>>

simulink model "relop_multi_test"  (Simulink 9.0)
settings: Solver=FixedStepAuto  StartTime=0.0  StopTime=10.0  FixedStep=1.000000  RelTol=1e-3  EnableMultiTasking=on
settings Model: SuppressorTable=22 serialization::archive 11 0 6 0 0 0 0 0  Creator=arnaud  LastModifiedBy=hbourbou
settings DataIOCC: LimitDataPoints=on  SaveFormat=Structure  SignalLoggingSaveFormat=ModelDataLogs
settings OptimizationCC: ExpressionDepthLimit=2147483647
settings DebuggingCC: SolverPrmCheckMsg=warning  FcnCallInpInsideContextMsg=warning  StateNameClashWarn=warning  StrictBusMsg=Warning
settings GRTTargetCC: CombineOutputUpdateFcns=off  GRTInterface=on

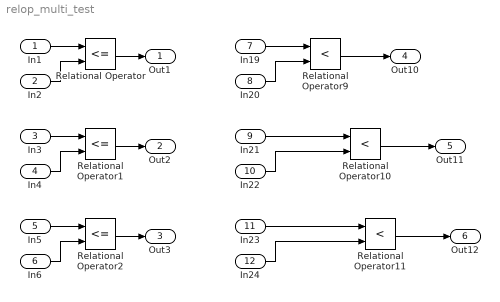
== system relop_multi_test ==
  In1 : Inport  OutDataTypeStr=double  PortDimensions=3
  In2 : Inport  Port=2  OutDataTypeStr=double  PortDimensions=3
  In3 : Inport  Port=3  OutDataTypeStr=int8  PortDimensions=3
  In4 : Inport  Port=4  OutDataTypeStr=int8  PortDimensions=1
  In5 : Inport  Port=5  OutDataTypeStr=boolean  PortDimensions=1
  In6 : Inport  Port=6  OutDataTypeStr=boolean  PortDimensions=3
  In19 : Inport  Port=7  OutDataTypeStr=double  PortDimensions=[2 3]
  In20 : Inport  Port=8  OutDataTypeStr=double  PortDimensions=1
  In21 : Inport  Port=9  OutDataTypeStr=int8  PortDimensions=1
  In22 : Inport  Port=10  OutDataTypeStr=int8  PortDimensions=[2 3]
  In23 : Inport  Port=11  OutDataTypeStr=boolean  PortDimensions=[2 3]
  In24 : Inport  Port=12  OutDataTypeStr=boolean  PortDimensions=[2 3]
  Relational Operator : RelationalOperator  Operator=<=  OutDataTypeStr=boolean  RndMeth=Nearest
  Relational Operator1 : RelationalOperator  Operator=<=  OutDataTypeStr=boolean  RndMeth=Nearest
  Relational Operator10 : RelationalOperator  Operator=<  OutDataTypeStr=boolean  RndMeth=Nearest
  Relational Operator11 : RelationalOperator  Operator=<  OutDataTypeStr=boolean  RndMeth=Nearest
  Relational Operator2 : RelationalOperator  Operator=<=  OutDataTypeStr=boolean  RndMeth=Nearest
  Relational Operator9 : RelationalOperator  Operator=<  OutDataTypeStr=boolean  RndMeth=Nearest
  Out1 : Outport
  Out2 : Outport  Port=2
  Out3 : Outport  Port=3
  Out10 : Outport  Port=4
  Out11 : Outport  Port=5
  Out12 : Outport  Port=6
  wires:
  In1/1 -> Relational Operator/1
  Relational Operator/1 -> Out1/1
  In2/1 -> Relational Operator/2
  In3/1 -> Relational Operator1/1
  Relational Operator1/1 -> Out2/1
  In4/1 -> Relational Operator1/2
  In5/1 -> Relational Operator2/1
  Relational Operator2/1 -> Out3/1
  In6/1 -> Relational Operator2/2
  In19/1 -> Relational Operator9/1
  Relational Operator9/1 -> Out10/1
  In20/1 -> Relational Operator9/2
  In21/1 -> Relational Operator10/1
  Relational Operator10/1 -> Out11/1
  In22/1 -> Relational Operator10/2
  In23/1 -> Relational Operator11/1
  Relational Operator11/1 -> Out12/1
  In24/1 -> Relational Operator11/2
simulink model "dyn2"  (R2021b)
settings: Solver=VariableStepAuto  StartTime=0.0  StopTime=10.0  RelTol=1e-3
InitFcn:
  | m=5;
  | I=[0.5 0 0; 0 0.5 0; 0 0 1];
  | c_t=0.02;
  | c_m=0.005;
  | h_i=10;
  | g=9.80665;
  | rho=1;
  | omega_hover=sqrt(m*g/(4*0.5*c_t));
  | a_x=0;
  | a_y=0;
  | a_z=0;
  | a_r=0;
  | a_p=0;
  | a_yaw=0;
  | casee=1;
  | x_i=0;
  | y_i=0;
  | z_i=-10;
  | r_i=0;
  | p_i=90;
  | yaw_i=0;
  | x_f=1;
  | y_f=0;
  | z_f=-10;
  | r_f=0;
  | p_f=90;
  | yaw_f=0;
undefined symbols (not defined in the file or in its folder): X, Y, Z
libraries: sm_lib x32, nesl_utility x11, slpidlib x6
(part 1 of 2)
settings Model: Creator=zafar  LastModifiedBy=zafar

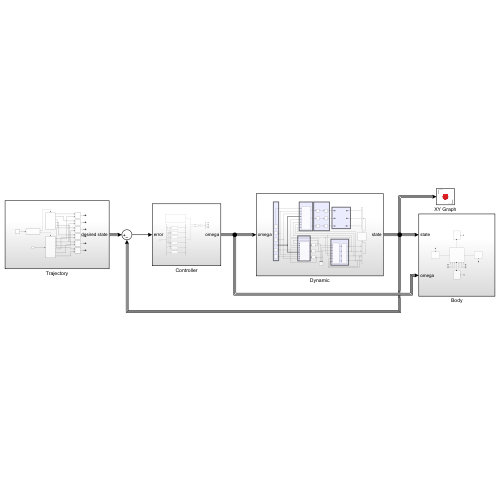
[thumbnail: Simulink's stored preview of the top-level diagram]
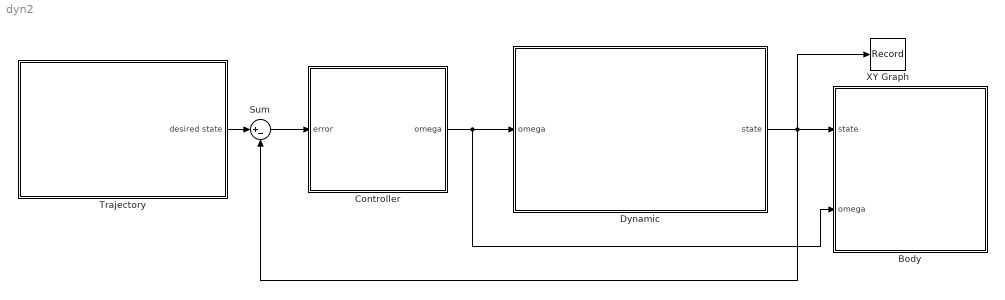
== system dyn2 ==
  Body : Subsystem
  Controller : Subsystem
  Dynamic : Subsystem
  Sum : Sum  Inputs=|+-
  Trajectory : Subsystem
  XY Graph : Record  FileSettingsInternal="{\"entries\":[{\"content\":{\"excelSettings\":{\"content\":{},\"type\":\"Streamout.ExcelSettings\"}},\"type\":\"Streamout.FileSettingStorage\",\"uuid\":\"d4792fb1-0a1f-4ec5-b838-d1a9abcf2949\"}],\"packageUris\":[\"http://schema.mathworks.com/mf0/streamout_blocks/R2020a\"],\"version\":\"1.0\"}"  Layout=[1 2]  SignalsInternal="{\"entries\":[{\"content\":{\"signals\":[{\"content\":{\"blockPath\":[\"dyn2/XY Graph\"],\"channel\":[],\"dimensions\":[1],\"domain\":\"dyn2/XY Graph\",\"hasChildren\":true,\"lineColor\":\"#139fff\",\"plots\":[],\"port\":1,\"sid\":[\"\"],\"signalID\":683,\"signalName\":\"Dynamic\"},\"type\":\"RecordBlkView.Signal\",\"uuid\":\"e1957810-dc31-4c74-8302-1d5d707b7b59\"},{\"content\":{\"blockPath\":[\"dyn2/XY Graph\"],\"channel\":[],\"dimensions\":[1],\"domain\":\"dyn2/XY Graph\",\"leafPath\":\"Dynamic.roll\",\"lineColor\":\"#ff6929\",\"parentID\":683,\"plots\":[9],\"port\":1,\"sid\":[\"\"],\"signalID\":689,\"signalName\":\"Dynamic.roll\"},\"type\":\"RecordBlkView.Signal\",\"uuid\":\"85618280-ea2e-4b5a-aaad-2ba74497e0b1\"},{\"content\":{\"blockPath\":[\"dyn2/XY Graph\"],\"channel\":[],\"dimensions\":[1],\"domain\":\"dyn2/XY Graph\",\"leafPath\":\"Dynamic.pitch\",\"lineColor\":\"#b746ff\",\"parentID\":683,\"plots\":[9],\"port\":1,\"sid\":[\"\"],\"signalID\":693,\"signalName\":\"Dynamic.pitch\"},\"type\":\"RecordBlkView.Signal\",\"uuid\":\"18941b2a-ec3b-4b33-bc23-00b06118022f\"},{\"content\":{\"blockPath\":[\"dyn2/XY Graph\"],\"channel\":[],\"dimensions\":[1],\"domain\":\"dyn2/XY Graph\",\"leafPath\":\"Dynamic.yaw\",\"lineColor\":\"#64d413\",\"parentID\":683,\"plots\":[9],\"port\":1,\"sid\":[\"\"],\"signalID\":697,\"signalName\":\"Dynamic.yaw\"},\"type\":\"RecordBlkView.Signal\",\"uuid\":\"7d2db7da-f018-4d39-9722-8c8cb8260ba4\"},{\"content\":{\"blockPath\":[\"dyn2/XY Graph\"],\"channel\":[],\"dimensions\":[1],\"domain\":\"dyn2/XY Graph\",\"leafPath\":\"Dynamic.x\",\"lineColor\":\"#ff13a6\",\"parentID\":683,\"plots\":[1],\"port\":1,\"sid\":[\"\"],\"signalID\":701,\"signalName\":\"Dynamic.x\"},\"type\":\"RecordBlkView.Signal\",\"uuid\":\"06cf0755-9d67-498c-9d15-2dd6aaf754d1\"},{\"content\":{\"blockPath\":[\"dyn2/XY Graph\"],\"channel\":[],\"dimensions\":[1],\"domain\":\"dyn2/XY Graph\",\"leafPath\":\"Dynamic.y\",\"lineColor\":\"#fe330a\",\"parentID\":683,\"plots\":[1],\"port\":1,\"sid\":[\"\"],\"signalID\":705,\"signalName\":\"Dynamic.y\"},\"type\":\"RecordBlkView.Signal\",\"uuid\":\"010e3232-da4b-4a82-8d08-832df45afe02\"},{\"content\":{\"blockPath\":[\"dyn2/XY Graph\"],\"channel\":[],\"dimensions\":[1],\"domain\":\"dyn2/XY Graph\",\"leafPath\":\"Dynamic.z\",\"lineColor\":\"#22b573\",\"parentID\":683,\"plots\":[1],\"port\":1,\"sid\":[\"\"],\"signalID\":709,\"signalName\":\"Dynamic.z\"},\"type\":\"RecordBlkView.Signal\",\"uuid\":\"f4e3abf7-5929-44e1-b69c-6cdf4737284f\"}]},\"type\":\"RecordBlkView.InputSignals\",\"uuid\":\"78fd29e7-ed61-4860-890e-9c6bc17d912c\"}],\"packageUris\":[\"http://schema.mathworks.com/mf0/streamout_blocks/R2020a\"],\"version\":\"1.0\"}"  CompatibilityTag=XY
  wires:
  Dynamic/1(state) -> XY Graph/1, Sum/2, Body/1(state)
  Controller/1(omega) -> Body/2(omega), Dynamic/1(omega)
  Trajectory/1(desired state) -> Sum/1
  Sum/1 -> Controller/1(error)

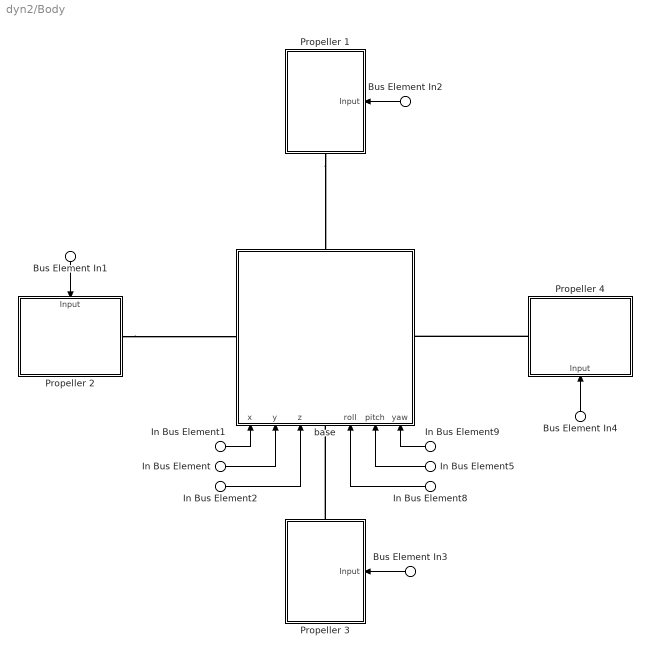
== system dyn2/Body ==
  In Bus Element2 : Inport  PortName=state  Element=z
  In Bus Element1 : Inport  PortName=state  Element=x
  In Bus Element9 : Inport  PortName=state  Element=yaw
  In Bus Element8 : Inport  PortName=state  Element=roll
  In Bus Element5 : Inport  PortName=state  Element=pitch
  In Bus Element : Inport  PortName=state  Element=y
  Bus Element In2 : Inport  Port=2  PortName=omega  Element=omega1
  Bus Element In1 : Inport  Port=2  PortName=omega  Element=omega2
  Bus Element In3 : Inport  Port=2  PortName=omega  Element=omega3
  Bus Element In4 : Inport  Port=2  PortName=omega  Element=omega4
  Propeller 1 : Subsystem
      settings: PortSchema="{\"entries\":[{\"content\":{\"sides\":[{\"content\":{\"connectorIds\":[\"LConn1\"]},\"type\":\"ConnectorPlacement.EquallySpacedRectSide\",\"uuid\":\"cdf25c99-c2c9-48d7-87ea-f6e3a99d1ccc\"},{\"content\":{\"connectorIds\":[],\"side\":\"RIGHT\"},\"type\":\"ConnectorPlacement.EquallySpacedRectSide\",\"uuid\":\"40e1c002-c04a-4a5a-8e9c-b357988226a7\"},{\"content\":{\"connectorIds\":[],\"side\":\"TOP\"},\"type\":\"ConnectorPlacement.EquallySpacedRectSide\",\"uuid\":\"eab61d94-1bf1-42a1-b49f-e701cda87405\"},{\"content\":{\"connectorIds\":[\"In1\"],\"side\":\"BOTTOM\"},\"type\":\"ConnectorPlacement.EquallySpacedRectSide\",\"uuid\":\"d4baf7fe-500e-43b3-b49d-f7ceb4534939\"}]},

<<

▶ [Required work]
When a line in the listing has the word "Outport", return that line.

▶ [Expected answer]
  Out1 : Outport
  Out2 : Outport  Port=2
  Out3 : Outport  Port=3
  Out10 : Outport  Port=4
  Out11 : Outport  Port=5
  Out12 : Outport  Port=6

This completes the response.